If you would like more details on the conference that took place, please visit the web site that was created for the conference HERE.  Also, you can find a story that was put together on the conference by KWES-TV Meteorologist Jessica Ryan HERE.

Below are a small sample of some photographs taken during the conference. 

Dr. Kishor Mehta gives a presentation of the 1970 Lubbock tornado

Keynote speaker Dr. Kishor Mehta (lower right) opens up the presentations with a talk on the 40th anniversary of the 1970 Lubbock tornado. (click on image for large version)

 
Dr. Chuck Doswell gives a presentation at the conference

Loren Phillips of Texas Tech University introduces Dr. Chuck Doswell of OU/CIMMS for another keynote talk titled, "The Importance of Data Analysis in the Forecast Process". (click on image for large version)

 
Matt Laubhan of KLBK-TV Lubbock interviews National Weather Service Lubbock meteorologist-in-charge Justin Weaver

Local and regional media were on-hand to participate in and report on the conference. In this picture, Matt Laubhan, chief meteorologist at KLBK-TV in Lubbock interviews Justin Weaver, Meteorologist-In-Charge of the National Weather Service office in Lubbock.

 
Moderator Jody James gives a couple gifts to keynote speaker Tim Marshall.

Moderator Jody James (NWS) gives a couple Lubbock-oriented gifts to keynote speaker Tim Marshall after his talk on building damage issues in hurricanes.

 
Texas Tech University graduate student Ian Giammanco and Dr. Chuck Doswell engage in spirited scientific debate.

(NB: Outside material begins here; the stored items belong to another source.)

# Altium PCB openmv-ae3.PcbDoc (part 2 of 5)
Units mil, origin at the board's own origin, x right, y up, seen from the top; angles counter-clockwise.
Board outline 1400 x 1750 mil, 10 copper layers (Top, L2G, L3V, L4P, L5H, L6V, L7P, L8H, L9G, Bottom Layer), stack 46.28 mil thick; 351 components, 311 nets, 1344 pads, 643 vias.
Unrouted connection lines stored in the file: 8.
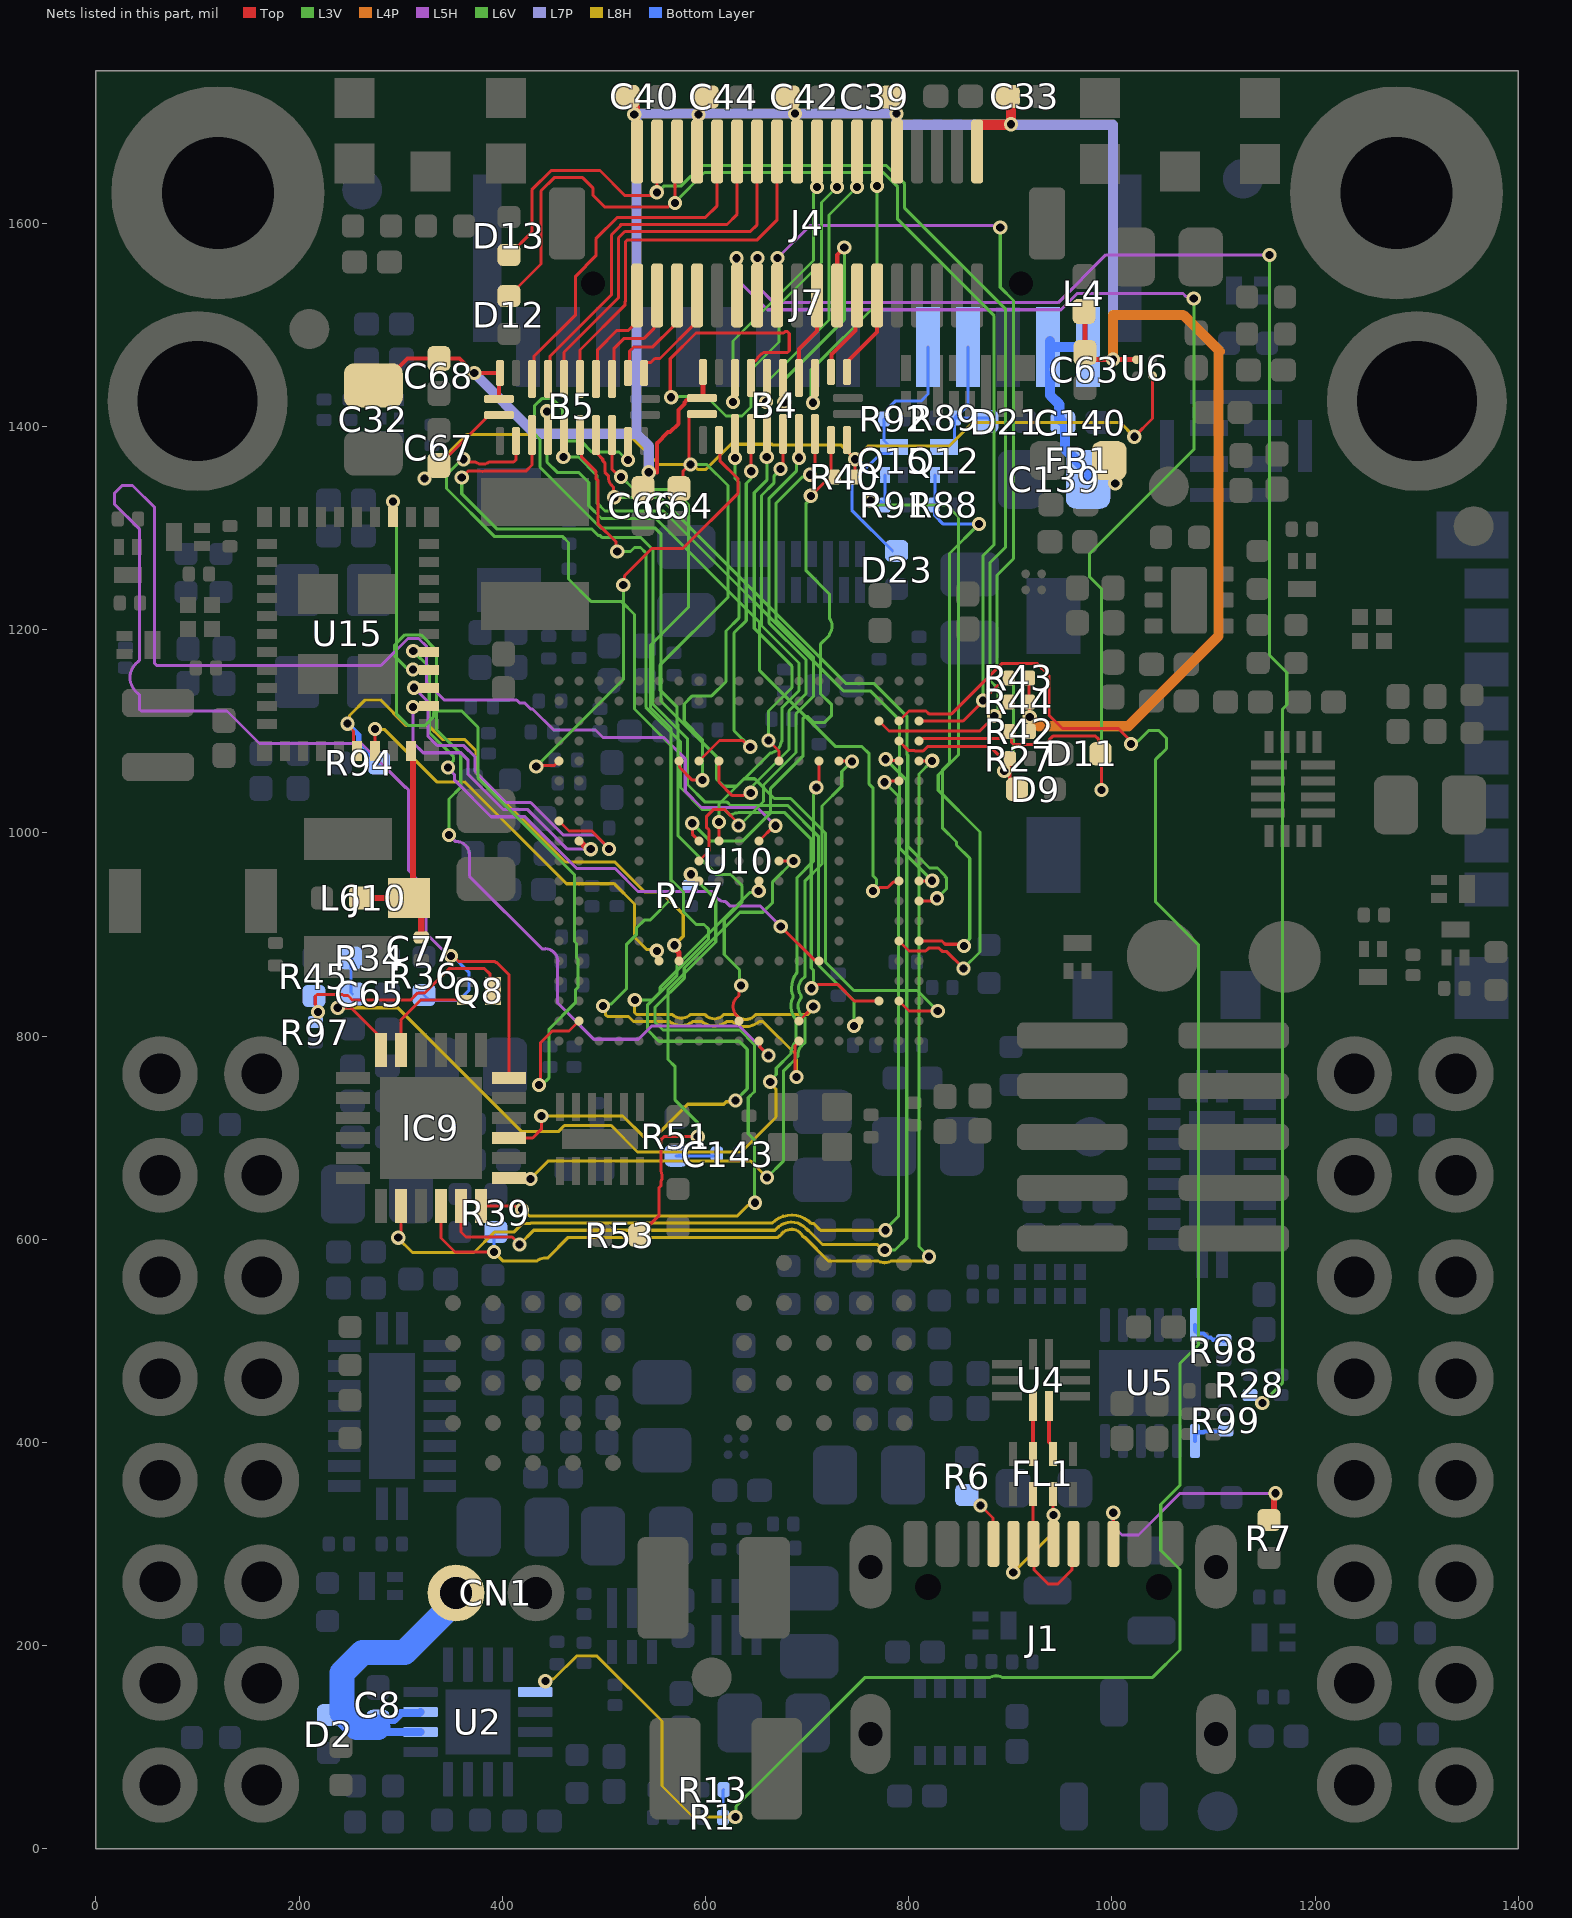
[diagram p10: the nets of this part, all layers, seen from the top]

## Part data
ANT1: "ABRACON - AMCA31-2R450G-S1F-T3 - ANTENNA, CHIP, 2.45GHZ, 50 OHM, 1206   Source:  Datasheet", MANUFACTURER_NAME=ABRACON, DeviceSetName=AMCA31-2R450G-S1F-T3, GateName_1=G$1, HEIGHT=1.4mm, LibraryName=AMCA31-2R450G-S1F-T3, MANUFACTURER_PART_NUMBER=AMCA31-2R450G-S1F-T3, MOUSER_PART_NUMBER=815-CA312R450GS1FT3, MOUSER_PRICE-STOCK=https://www.mouser.co.uk/ProductDetail/ABRACON/AMCA31-2R450G-S1F-T3?qs=AAveGqk956GLuOddQEK40Q%3D%3D, MPN=AMCA31-2R450G-S1F-T3, Part Number=AMCA31-2R450G-S1F-T3, SymbolName_1=AMCA31-2R450G-S1F-T3
B1: "Dual supply translating transceiver; open drain; auto direction sensing", MANUFACTURER_NAME=Nexperia, Mouser Part Number=771-NXS0102GTX, Datasheet Link=https://assets.nexperia.com/documents/data-sheet/NXS0102.pdf, Geometry.Height=0.5mm, MANUFACTURER_PART_NUMBER=NXS0102GTX, Mouser Price/Stock=https://www.mouser.co.uk/ProductDetail/Nexperia/NXS0102GTX?qs=GBLSl2AkirukzzJX55VgJA%3D%3D
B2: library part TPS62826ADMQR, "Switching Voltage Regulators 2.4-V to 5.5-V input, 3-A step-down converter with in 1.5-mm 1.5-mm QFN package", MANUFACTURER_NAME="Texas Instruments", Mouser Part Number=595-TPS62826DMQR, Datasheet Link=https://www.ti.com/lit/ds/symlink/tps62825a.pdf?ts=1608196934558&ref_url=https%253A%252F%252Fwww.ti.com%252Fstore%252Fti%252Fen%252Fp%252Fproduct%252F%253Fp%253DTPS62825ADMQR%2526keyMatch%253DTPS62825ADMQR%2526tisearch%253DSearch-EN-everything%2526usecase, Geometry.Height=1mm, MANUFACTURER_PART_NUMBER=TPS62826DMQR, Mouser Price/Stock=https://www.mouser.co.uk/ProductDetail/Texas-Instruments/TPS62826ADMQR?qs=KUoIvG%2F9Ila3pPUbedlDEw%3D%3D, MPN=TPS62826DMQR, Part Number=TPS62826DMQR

Texas Tech University graduate student Ian Giammanco and Dr. Chuck Doswell of OU/CIMMS engage in spirited scientific debate after Ian's talk titled, "WSR-88D Observations of Tropical Cyclone Low-Level Wind Maxima". (click on image for large version)

 
Conference attendees mingle and snack during a break.

Conference attendees mingle and snack during a break. (click on image for large version)

 
Picture of a "Stick-Net" probe that was setup in the conference lobby. A "Stick-Net" is a versatile, rapid-deployable, 2.5 m meteorological observing station developed by students and faculty at Texas Tech University. The platform collects high-resolution meteorological data, and is designed to be deployed in large numbers, in a short period of time, by a small number of people, in many different weather conditions including thunderstorms and hurricanes. (click on image for large version)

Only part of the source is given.